Nekrotizan fasiit, "flesh-eating bacteria" (et yiyen bakteri) haberleriyle medyada zaman zaman dikkat çekse de, toplumda yaygın bir enfeksiyon değildir.
Türkiye'de nekrotizan fasiit olguları çoğunlukla tıp literatüründe vaka sunumları veya küçük hasta serileri olarak rapor edilmektedir.
Kaynakça
• Brook, I. (2017). Necrotizing soft tissue infections. Springer.
• Centers for Disease Control and Prevention (CDC). (2023). Group A Streptococcal (GAS) Disease. https://www.cdc.gov/groupastrep/index.html
• Centers for Disease Control and Prevention (CDC). (2023). Vibrio vulnificus Infection. https://www.cdc.gov/vibrio/vibrio-vulnificus.html
• Stevens, D. L., Bryant, A. E. (2017). Necrotizing soft-tissue infections. The New England Journal of Medicine, 377(23), 2253–2265. https://doi.org/10.1056/NEJMra1600673
• Anaya, D. A., Dellinger, E. P. (2007). Necrotizing soft-tissue infection: Diagnosis and management. Clinical Infectious Diseases, 44(5), 705–710. https://doi.org/10.1086/511638
• Gül, H. C., & Altun, B. (2018). Et yiyen bakteriler: Nekrotizan fasiit etiyolojisi ve tedavi yaklaşımları. Klinik Mikrobiyoloji Bülteni, 10(2), 123–135.

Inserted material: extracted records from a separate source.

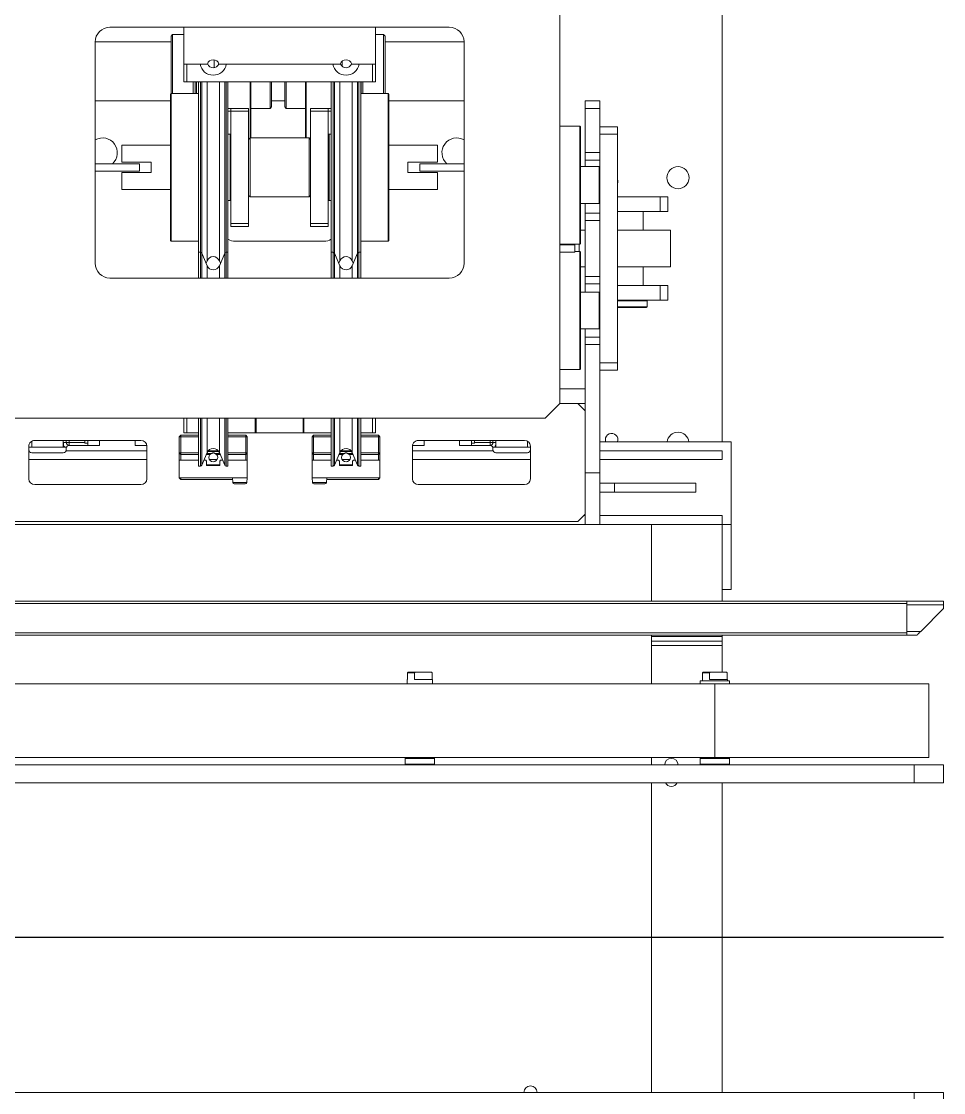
# Model space of a CAD drawing. Header units: millimetres. Extents: x -13874 to 5569, y -3136 to 4764.
# Drawn here: x 4775 to 5400, y 3355 to 4081 of the extents above; entities that cross this region are included whole.
import ezdxf

# ---------------------------------------------------------------- set-up
doc = ezdxf.new("R2010")
doc.units = ezdxf.units.MM

# ---------------------------------------------------------------- blocks, each defined once
blk = doc.blocks.new('tryhytr')
at = {"color": 7, "linetype": 'Continuous', "lineweight": 15}
for p, q in [((102902.68, 66962.51, -498.14), (102902.68, 66974.51, -498.14)), ((102922.68, 66974.51, -498.14), (102922.68, 66962.51, -498.14)), ((102922.68, 66962.51, -498.14), (102902.68, 66962.51, -498.14)), ((102922.68, 66962.51, -498.14), (103782.68, 66962.51, -498.14)), ((103052.68, 66962.51, -498.14), (103052.68, 66752.51, 194.08)), ((103100.68, 66962.51, -498.14), (103100.68, 66752.51, 194.08)), ((102902.68, 66740.51, 194.08), (102902.68, 66752.51, 194.08)), ((102902.68, 66752.51, 194.08), (102922.68, 66752.51, 194.08)), ((102922.68, 66752.51, 194.08), (102922.68, 66740.51, 194.08)), ((102922.68, 66752.51, 194.08), (103782.68, 66752.51, 194.08)), ((102922.68, 66740.51, 194.08), (102902.68, 66740.51, 194.08)), ((102912.68, 66735.51, 194.08), (102912.68, 66685.51, 194.08)), ((103157.68, 66735.51, 194.08), (102912.68, 66735.51, 194.08)), ((102922.68, 66740.51, 194.08), (103782.68, 66740.51, 194.08)), ((103048.18, 66740.51, 194.08), (103047.68, 66740.01, 194.08)), ((103047.68, 66740.01, 194.08), (103047.68, 66736.01, 194.08)), ((103051.75, 66740.01, 194.08), (103047.68, 66740.01, 194.08)), ((103047.68, 66736.01, 194.08), (103048.18, 66735.51, 194.08)), ((103047.68, 66736.01, 194.08), (103067.68, 66736.01, 194.08)), ((103067.68, 66740.01, 194.08), (103051.75, 66740.01, 194.08)), ((103057.68, 66685.51, 194.08), (103057.68, 66735.51, 194.08)), ((103757.68, 66735.51, 194.08), (103057.68, 66735.51, 194.08)), ((103067.68, 66740.01, 194.08), (103067.18, 66740.51, 194.08)), ((103067.18, 66735.51, 194.08), (103067.68, 66736.01, 194.08)), ((103067.68, 66736.01, 194.08), (103067.68, 66740.01, 194.08)), ((103100.68, 66740.51, 194.08), (103100.68, 66735.51, 194.08)), ((103248.18, 66740.51, 194.08), (103247.68, 66740.01, 194.08)), ((103247.68, 66740.01, 194.08), (103247.68, 66736.01, 194.08)), ((103251.75, 66740.01, 194.08), (103247.68, 66740.01, 194.08)), ((103247.68, 66736.01, 194.08), (103248.18, 66735.51, 194.08)), ((103247.68, 66736.01, 194.08), (103267.68, 66736.01, 194.08)), ((103267.68, 66740.01, 194.08), (103251.75, 66740.01, 194.08)), ((103267.68, 66740.01, 194.08), (103267.18, 66740.51, 194.08)), ((103267.18, 66735.51, 194.08), (103267.68, 66736.01, 194.08)), ((103267.68, 66736.01, 194.08), (103267.68, 66740.01, 194.08)), ((103157.68, 66685.51, 194.08), (102912.68, 66685.51, 194.08)), ((103047.68, 66685.51, 194.08), (103047.68, 66683.51, 194.08)), ((103757.68, 66685.51, 194.08), (103057.68, 66685.51, 194.08)), ((103067.68, 66683.51, 194.08), (103067.68, 66685.51, 194.08)), ((103100.68, 66685.51, 194.08), (103100.68, 66659.51, 194.08)), ((103249.18, 66685.41, 194.08), (103249.18, 66682.51, 194.08)), ((103249.18, 66685.41, 194.08), (103266.18, 66685.41, 194.08)), ((103249.58, 66685.51, 194.08), (103249.58, 66685.41, 194.08)), ((103265.78, 66685.41, 194.08), (103265.78, 66685.51, 194.08)), ((103266.18, 66682.51, 194.08), (103266.18, 66685.41, 194.08)), ((103047.68, 66683.51, 194.08), (103057.68, 66683.51, 194.08)), ((103049.18, 66683.51, 194.08), (103049.18, 66682.51, 194.08)), ((103049.18, 66682.51, 194.08), (103061.35, 66682.51, 194.08)), ((103049.27, 66678.01, 194.08), (103049.27, 66682.51, 194.08)), ((103049.27, 66678.01, 194.08), (103049.73, 66677.51, 194.08)), ((103060.89, 66677.51, 194.08), (103049.73, 66677.51, 194.08)), ((103052.68, 66677.51, 194.08), (103052.68, 66659.51, 194.08)), ((103057.68, 66683.51, 194.08), (103067.68, 66683.51, 194.08)), ((103065.63, 66677.51, 194.08), (103060.89, 66677.51, 194.08)), ((103061.35, 66682.51, 194.08), (103061.35, 66678.01, 194.08)), ((103061.35, 66678.01, 194.08), (103066.09, 66678.01, 194.08)), ((103066.09, 66678.01, 194.08), (103065.63, 66677.51, 194.08)), ((103066.09, 66682.51, 194.08), (103066.18, 66682.51, 194.08)), ((103066.09, 66678.01, 194.08), (103066.09, 66682.51, 194.08)), ((103066.18, 66682.51, 194.08), (103066.18, 66683.51, 194.08)), ((103249.18, 66682.51, 194.08), (103261.35, 66682.51, 194.08)), ((103249.27, 66678.01, 194.08), (103249.27, 66682.51, 194.08)), ((103249.27, 66678.01, 194.08), (103249.73, 66677.51, 194.08)), ((103260.89, 66677.51, 194.08), (103249.73, 66677.51, 194.08)), ((103265.63, 66677.51, 194.08), (103260.89, 66677.51, 194.08)), ((103261.35, 66682.51, 194.08), (103261.35, 66678.01, 194.08)), ((103261.35, 66678.01, 194.08), (103266.09, 66678.01, 194.08)), ((103266.09, 66678.01, 194.08), (103265.63, 66677.51, 194.08)), ((103266.09, 66682.51, 194.08), (103266.18, 66682.51, 194.08)), ((103266.09, 66678.01, 194.08), (103266.09, 66682.51, 194.08)), ((103100.68, 66659.51, 194.08), (103052.68, 66659.51, 194.08)), ((103052.68, 66659.51, 194.08), (103052.68, 66656.51, 194.08)), ((103100.68, 66656.51, 194.08), (103052.68, 66656.51, 194.08)), ((103052.68, 66656.51, 194.08), (103052.68, 66653.51, 194.08)), ((103100.68, 66659.51, 194.08), (103100.68, 66656.51, 194.08)), ((103100.68, 66656.51, 194.08), (103100.68, 66653.51, 194.08)), ((102918.18, 66650.01, 194.08), (102902.68, 66634.51, 194.08)), ((102927.68, 66650.01, 194.08), (102918.18, 66650.01, 194.08)), ((102927.68, 66652.51, 194.08), (102920.68, 66652.51, 194.08)), ((103777.68, 66652.51, 194.08), (102927.68, 66652.51, 194.08)), ((102927.68, 66652.51, 194.08), (102927.68, 66651.01, 194.08)), ((103777.68, 66651.01, 194.08), (102927.68, 66651.01, 194.08)), ((102927.68, 66651.01, 194.08), (102927.68, 66631.01, 194.08)), ((103100.68, 66653.51, 194.08), (103052.68, 66653.51, 194.08)), ((103052.68, 66653.51, 194.08), (103052.68, 66652.51, 194.08)), ((103100.68, 66653.51, 194.08), (103100.68, 66652.51, 194.08)), ((102902.68, 66634.51, 194.08), (102902.68, 66632.01, 194.08)), ((102902.68, 66632.01, 194.08), (102902.68, 66629.51, 194.08)), ((102927.68, 66632.01, 194.08), (102902.68, 66632.01, 194.08)), ((102927.68, 66629.51, 194.08), (102902.68, 66629.51, 194.08)), ((103777.68, 66631.01, 194.08), (102927.68, 66631.01, 194.08)), ((102927.68, 66631.01, 194.08), (102927.68, 66629.51, 194.08)), ((103777.68, 66629.51, 194.08), (102927.68, 66629.51, 194.08)), ((103052.68, 66629.51, 194.08), (103052.68, 66621.51, 194.08)), ((103100.68, 66629.51, 194.08), (103100.68, 66577.51, 194.08)), ((103046.68, 66621.51, 194.08), (103052.68, 66621.51, 194.08)), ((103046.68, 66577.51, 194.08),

• Türk Mikrobiyoloji Cemiyeti. (2022). Bakteriyel Enfeksiyonlar ve Klinik Mikrobiyoloji. İstanbul: Nobel Tıp Kitabevleri.
• Uçmak, H., & Koçer, B. (2015). Clostridium perfringens ve gazlı gangren. Türk Hijyen ve Deneysel Biyoloji Dergisi, 72(3), 245–256. https://doi.org/10.5505/TurkHijyen.2015.67280
• World Health Organization (WHO). (2021). Invasive Group A Streptococcus Disease. https://www.who.int/news-room/fact-sheets/detail/invasive-group-a-streptococcus-disease
• Türk Klinik Mikrobiyoloji ve İnfeksiyon Hastalıkları Derneği (KLİMİK). (2023). Yumuşak doku enfeksiyonlarında tanı ve tedavi kılavuzu.